Gas-Ölpreisbindung ist bei Experten umstritten

Doch inzwischen halten viele die Vereinbarung für nicht mehr zeitgemäß, wie zum Beispiel Experten des Deutschen Instituts für Wirtschaftsforschung (DIW). „Heute gibt es kein Argument mehr gegen eine Preisbildung für Erdgas an den Rohstoffbörsen“, so DIW-Energieexpertin Claudia Kemfert im Jahr 2008. „Gas könnte deutlich billiger sein, wenn man es vom Öl entkoppeln würde.“
Diese These ist bei Fachleuten allerdings umstritten. Auch in anderen Ländern sind die Gaspreise in den vergangenen Jahren gestiegen – und das ohne Ölpreisbindung, argumentieren andere. So ist die Ölpreisbindung in Großbritannien zum Beispiel abgeschafft. Dennoch ist dort der Gaspreis nicht niedriger als hierzulande.

In Deutschland, so fürchtet Klaus Matthies, Rohstoffexperten beim Hamburgischen WeltWirtschafts-Institut HWWI, könnte ein Ende der Preiskopplung sogar zu steigenden Preisen führen. Dann nämlich hätten Gasanbieter die Macht, die Erdgaspreise selbst – und damit willkürlich – zu bestimmen.

Verträge kämen ohne Öl-Preisbindung gar nicht zustande

In den langfristigen Lieferverträgen, die Energieversorger wie E.ON Ruhrgas mit Gaslieferanten wie Gazprom schließen, wird die Preiskopplung daher auch künftig ein Bestandteil sein. Zum Teil haben diese Verträge eine Laufzeit von 25 Jahren. E.ON Ruhrgas teilte über einen Sprecher mit: „Deutschland muss 80 Prozent seines Erdgas-Bedarfs importieren, und deswegen brauchen wir langfristig Verträge mit kalkulierbaren Preisen – auch für die Verbraucher.“

Und ein Sprecher des Verbundnetzes Gas (VNG) in Leipzig ergänzte, dass viele Verträge mit Gasproduzenten gar nicht zustande kämen ohne Preiskopplung. Ganz klar bezog auch der russische Gasriese Gazprom Stellung. Er sagte, dass langfristige Verträge „politisch und wirtschaftlich gewollt“ waren. Diese sollten Preissicherheit schaffen. Deshalb gebe es keine Veranlassung, die Kopplung abzuschaffen.
Immer wieder hatte auch das Bundeskartellamt die Preisbindung überprüft, aus wettbewerbsrechtlicher Sicht aber nichts beanstanden können. Es gebe schlicht keine Handhabe, so eine Sprecherin laut der ‚Süddeutschen Zeitung’.

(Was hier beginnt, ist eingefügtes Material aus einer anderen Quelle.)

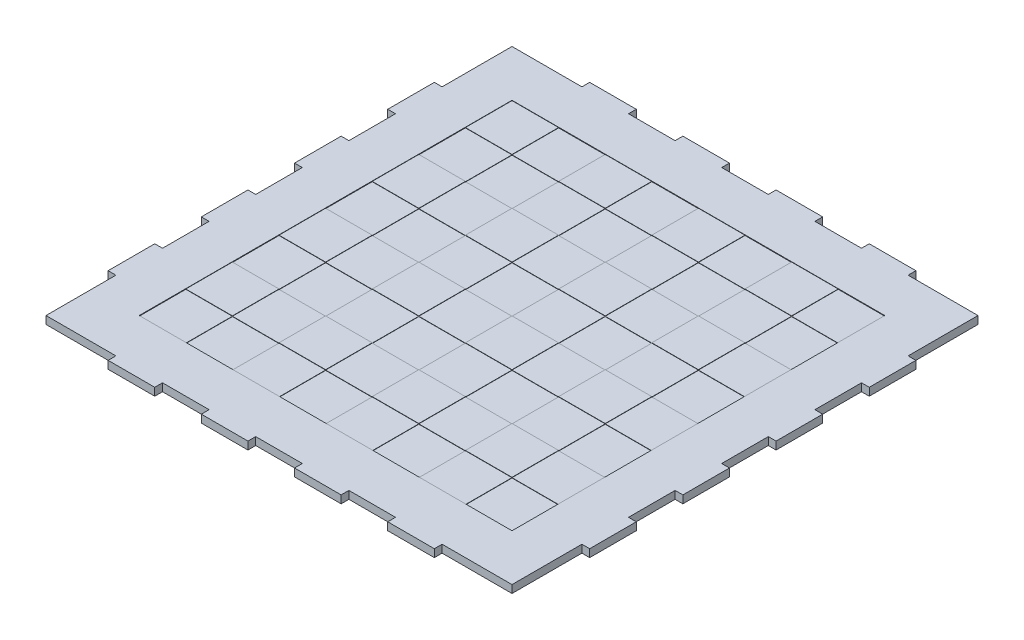
SolidWorks part; units mm, degrees
ref_plane "Plan de face" through (0, 0, 0) normal (0, 0, 1) x (1, 0, 0)
ref_plane "Plan de dessus" through (0, 0, 0) normal (0, 1, 0) x (1, 0, 0)
ref_plane "Plan de droite" through (0, 0, 0) normal (1, 0, 0) x (0, 0, -1)
sketch "Esquisse1" plane through (0, 0, 0) normal (0, 1, 0) x (1, 0, 0)
  line L4 (-190.5, -190.5) -> (190.5, -190.5)
  line L5 (190.5, 190.5) -> (190.5, -190.5)
  line L44 (-190.5, -190.5) -> (-190.5, 190.5)
  line L45 (-190.5, 190.5) -> (190.5, 190.5)
  point P0 (0, 190.5)
  point P6 (190.5, 0)
  dimension "D1" = 381
  dimension "D2" = 381
extrude "Boss.-Extru.1" add sketch "Esquisse1" along normal blind 6.35
sketch "Esquisse2" plane through (190.5, 0, 0) normal (1, 0, 0) x (0, 0, -1)
  line L0 (-190.5, 6.35) -> (190.5, 6.35) construction
  line L1 (-133.35, 6.35) -> (-95.25, 6.35)
  line L2 (-133.35, 6.35) -> (-133.35, 0)
  line L3 (-133.35, 0) -> (-95.25, 0)
  line L4 (-95.25, 6.35) -> (-95.25, 0)
  line L5 (-190.5, 0) -> (190.5, 0) construction
  line L6 (-190.5, 6.35) -> (-190.5, 0) construction
  dimension "D1" = 38.1
  dimension "D2" = 57.15
extrude "Boss.-Extru.2" add sketch "Esquisse2" along normal blind 6.35
pattern_linear "Répétition linéaire1" count 4 spacing 76.2 along (0, 0, -1) of "Boss.-Extru.2"
mirror "Symétrie1" about plane through (0, 0, 0) normal (1, 0, 0) of "Répétition linéaire1", "Boss.-Extru.2"
sketch "Esquisse3" plane through (0, 0, 190.5) normal (0, 0, 1) x (1, 0, 0)
  line L0 (-190.5, 6.35) -> (190.5, 6.35) construction
  line L1 (133.35, 6.35) -> (95.25, 6.35)
  line L2 (133.35, 6.35) -> (133.35, 0)
  line L3 (133.35, 0) -> (95.25, 0)
  line L4 (95.25, 6.35) -> (95.25, 0)
  line L5 (-190.5, 0) -> (190.5, 0) construction
  line L6 (190.5, 6.35) -> (190.5, 0) construction
  dimension "D1" = 38.1
  dimension "D2" = 57.15
extrude "Boss.-Extru.3" add sketch "Esquisse3" along normal blind 6.35
pattern_linear "Répétition linéaire2" count 4 spacing 76.2 along (-1, 0, 0) of "Boss.-Extru.3"
mirror "Symétrie2" about plane through (0, 0, 0) normal (0, 0, 1) of "Répétition linéaire2", "Boss.-Extru.3"
sketch "Esquisse10" plane through (0, 6.35, 0) normal (0, 1, 0) x (1, 0, 0)
  line L1 (-152.4, 152.4) -> (152.4, 152.4)
  line L2 (-152.4, 152.4) -> (-152.4, -152.4)
  line L3 (-152.4, -152.4) -> (152.4, -152.4)
  line L4 (152.4, 152.4) -> (152.4, -152.4)
  point P4 (152.4, 0)
  point P6 (0, 152.4)
  dimension "D1" = 304.8
  dimension "D2" = 304.8
extrude "Enlèv. mat.-Extru.3" cut sketch "Esquisse10" against normal blind 0.508
sketch "Esquisse11" plane through (0, 5.842, 0) normal (0, 1, 0) x (1, 0, 0)
  line L1 (-152.4, 152.4) -> (-114.3, 152.4)
  line L2 (-152.4, 152.4) -> (-152.4, 114.3)
  line L3 (-152.4, 114.3) -> (-114.3, 114.3)
  line L4 (-114.3, 152.4) -> (-114.3, 114.3)
  dimension "D1" = 38.1
  dimension "D2" = 38.1
extrude "Boss.-Extru.5" add sketch "Esquisse11" along normal blind 0.254
pattern_linear "Répétition linéaire3" count 4 spacing 76.2 along (0, 0, 1) count 4 spacing 76.2 along (1, 0, 0) of "Boss.-Extru.5"
sketch "Esquisse12" plane through (0, 5.842, 0) normal (0, 1, 0) x (1, 0, 0)
  line L1 (-114.3, 114.3) -> (-76.2, 114.3)
  line L2 (-114.3, 114.3) -> (-114.3, 76.2)
  line L3 (-114.3, 76.2) -> (-76.2, 76.2)
  line L4 (-76.2, 114.3) -> (-76.2, 76.2)
extrude "Enlèv. mat.-Extru.4" cut sketch "Esquisse12" against normal blind 0.254
pattern_linear "Répétition linéaire4" count 4 spacing 76.2 along (0, 0, 1) count 4 spacing 76.2 along (1, 0, 0) of "Enlèv. mat.-Extru.4"

Verbraucherschützer freuen sich über einen Teilerfolg

So müssen sich Verbraucher also damit zufrieden geben, dass ein endgültiges Ende der Gas-Ölpreisbindung derzeit nicht in Sicht scheint. Dennoch freuen sich Verbraucherschützer über den Teilerfolg, den sie durch das BGH-Urteil für den Endkunden erzielt haben. Seitdem darf eine Erhöhung des Gaspreises nicht mehr nur damit begründet werden, dass auch der Preis für Öl, oder besser gesagt, für extraleichtes Heizöl, gestiegen sei. Schließlich seien die Gaspreise auch von Faktoren wie Verwaltungskosten oder Netzgebühren abhängig, so das Gericht. Viele Privatkunden konnten also nach dem Urteil auf Rückzahlungen hoffen, so sie denn Einspruch eingelegt hatten.